Autoimmunity-associated lymphoma: What are the trends in this space, and do you expect to see a rise in the incidence of this cancer subgroup? Could immunotherapies for other diseases/cancers affect incidence levels?

Answer

Autoimmune disorders have been associated with an increased risk of malignant lymphomas. This link between autoimmune diseases and lymphomas has been validated by several population-based studies, though the precise mechanism of lymphomagenesis in autoimmune disease is not yet elucidated.
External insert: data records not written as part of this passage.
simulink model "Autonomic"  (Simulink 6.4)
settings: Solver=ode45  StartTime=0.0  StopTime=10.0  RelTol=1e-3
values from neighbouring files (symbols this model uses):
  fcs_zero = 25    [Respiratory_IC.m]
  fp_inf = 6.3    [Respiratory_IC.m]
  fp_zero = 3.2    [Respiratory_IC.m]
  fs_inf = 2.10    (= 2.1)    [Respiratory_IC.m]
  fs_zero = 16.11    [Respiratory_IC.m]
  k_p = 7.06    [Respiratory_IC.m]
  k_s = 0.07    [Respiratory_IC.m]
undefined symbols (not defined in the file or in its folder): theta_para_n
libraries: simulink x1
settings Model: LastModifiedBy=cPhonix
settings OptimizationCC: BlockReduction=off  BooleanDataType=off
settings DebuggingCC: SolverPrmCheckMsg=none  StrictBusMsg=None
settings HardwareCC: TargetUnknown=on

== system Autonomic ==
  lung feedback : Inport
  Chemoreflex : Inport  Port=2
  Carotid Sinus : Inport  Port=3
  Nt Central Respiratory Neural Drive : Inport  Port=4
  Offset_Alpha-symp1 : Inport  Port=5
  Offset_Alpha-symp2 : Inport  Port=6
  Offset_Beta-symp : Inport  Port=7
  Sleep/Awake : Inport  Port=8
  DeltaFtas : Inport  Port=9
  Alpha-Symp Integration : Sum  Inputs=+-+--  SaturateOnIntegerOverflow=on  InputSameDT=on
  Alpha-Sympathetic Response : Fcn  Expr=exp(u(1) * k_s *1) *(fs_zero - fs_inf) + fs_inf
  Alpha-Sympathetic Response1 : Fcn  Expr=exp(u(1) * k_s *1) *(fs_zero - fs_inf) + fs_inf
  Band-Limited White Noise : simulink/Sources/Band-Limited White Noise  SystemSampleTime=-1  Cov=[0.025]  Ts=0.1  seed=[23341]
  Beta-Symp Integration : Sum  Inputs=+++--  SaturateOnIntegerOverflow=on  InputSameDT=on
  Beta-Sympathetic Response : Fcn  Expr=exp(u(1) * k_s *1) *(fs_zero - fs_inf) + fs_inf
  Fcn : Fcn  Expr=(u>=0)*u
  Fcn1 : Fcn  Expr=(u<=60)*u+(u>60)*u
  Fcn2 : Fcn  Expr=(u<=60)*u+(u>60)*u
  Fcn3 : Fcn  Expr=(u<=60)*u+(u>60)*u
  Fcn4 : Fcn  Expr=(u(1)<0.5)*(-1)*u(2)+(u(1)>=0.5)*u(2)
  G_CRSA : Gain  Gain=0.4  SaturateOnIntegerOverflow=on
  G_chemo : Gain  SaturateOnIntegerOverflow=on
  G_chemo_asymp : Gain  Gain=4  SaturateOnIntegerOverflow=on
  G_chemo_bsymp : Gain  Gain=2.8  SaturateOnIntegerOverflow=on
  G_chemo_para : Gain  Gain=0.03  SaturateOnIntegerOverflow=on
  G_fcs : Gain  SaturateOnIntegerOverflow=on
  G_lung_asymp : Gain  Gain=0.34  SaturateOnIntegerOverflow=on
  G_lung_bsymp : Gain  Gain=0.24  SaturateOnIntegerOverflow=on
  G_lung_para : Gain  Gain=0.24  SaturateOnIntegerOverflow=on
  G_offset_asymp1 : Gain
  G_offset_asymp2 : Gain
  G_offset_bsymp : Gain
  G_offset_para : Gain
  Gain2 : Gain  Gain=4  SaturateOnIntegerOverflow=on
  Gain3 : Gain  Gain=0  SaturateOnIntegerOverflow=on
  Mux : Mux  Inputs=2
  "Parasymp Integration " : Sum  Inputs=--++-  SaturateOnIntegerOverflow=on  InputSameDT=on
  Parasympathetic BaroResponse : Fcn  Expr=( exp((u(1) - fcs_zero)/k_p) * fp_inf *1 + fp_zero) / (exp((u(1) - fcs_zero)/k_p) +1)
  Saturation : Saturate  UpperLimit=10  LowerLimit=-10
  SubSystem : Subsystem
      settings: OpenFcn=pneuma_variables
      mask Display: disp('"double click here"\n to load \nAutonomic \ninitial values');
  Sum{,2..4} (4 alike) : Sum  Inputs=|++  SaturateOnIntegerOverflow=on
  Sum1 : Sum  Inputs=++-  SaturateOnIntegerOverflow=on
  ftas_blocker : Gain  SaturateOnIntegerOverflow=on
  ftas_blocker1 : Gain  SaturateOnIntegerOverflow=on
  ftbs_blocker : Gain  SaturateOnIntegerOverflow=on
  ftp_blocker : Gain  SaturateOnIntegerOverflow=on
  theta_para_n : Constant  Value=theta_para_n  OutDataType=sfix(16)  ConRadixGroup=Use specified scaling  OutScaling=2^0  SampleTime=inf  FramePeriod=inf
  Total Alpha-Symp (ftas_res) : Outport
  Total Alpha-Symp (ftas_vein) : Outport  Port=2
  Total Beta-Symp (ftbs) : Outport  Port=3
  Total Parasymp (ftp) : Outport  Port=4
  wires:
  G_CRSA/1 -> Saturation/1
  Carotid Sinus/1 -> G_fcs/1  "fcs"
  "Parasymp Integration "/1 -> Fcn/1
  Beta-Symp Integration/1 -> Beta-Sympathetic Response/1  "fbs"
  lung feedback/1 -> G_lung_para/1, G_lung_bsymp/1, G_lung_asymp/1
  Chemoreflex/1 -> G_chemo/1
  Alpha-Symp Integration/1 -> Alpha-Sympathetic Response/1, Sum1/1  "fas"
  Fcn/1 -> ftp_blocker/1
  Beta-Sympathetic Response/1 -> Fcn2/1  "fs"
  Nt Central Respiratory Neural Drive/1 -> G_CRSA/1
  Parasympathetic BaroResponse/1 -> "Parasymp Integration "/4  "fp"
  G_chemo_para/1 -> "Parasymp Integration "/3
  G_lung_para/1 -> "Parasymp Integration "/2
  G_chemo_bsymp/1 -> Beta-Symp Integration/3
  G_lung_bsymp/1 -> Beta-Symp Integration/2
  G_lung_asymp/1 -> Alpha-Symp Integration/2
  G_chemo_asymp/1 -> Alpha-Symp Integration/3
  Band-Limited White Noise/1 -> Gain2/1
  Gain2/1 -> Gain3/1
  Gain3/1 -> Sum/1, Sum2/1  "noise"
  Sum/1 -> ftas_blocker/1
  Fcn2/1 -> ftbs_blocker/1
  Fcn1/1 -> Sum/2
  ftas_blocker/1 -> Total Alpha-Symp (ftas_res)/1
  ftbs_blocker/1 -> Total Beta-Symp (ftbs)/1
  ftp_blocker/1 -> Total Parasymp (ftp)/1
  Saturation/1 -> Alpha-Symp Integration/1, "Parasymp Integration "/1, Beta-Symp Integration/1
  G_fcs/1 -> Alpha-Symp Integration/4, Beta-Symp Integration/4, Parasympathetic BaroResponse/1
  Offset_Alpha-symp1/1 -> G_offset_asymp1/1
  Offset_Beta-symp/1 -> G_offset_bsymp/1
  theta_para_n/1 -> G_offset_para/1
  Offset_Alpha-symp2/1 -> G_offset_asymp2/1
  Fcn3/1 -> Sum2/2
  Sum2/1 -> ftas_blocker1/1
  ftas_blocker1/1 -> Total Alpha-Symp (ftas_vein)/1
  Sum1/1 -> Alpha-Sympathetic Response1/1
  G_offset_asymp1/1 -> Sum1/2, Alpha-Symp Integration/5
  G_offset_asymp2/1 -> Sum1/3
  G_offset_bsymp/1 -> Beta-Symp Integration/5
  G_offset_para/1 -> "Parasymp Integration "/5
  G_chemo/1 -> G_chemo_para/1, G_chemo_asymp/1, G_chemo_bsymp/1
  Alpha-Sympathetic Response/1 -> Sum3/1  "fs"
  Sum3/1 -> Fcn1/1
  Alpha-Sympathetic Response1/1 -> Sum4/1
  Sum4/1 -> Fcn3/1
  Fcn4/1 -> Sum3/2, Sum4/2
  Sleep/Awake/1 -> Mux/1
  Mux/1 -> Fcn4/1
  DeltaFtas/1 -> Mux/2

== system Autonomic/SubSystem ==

Observational studies indicate that lymphoma can develop in individuals with immune dysregulation and/or those taking immunosuppressive drugs for other conditions. At present, it is not known whether the clinical course of lymphomas arising in the setting of autoimmune conditions is different from that of lymphomas occurring in the general population. Moreover, additional research is needed to definitively state whether immunotherapy contributes to lymphoma risk or if it alters the clinical course of malignant lymphomas in patients with an autoimmune diagnosis.

Question

Where is the field going for non-Hodgkin lymphoma (NHL) and T-cell lymphomas? What are exiting new and/or emerging therapies? Do you think chemotherapy will remain the standard frontline therapy in the near future?

Answer

I think the field is changing quite rapidly due to the exponential growth in our knowledge of underlying mechanisms of disease. By identifying dysregulated pathways of proliferation and survival of the malignant clone (and with that discovering novel targets), we can treat non-Hodgkin lymphoma and T-cell lymphomas with more precision — meaning, achieving similar outcomes expected from the use of traditional chemoimmunotherapeutic approaches, but without the severity and frequency of toxicities expected from older compounds. We are already seeing that in certain blood disorders such as chronic myeloid leukemia, chronic lymphocytic leukemia, and multiple myeloma, chemotherapy is no longer the standard frontline therapy; rather, the use of targeted/biological agents [is], so I anticipate the same trend to occur in other lymphoproliferative disorders.

Reference

1. Spina V, Bruscaggin A, Cuccaro A, et al. Circulating tumor DNA reveals genetics, clonal evolution, and residual disease in classical Hodgkin lymphoma. Blood. 2018;131(22):2413-2425.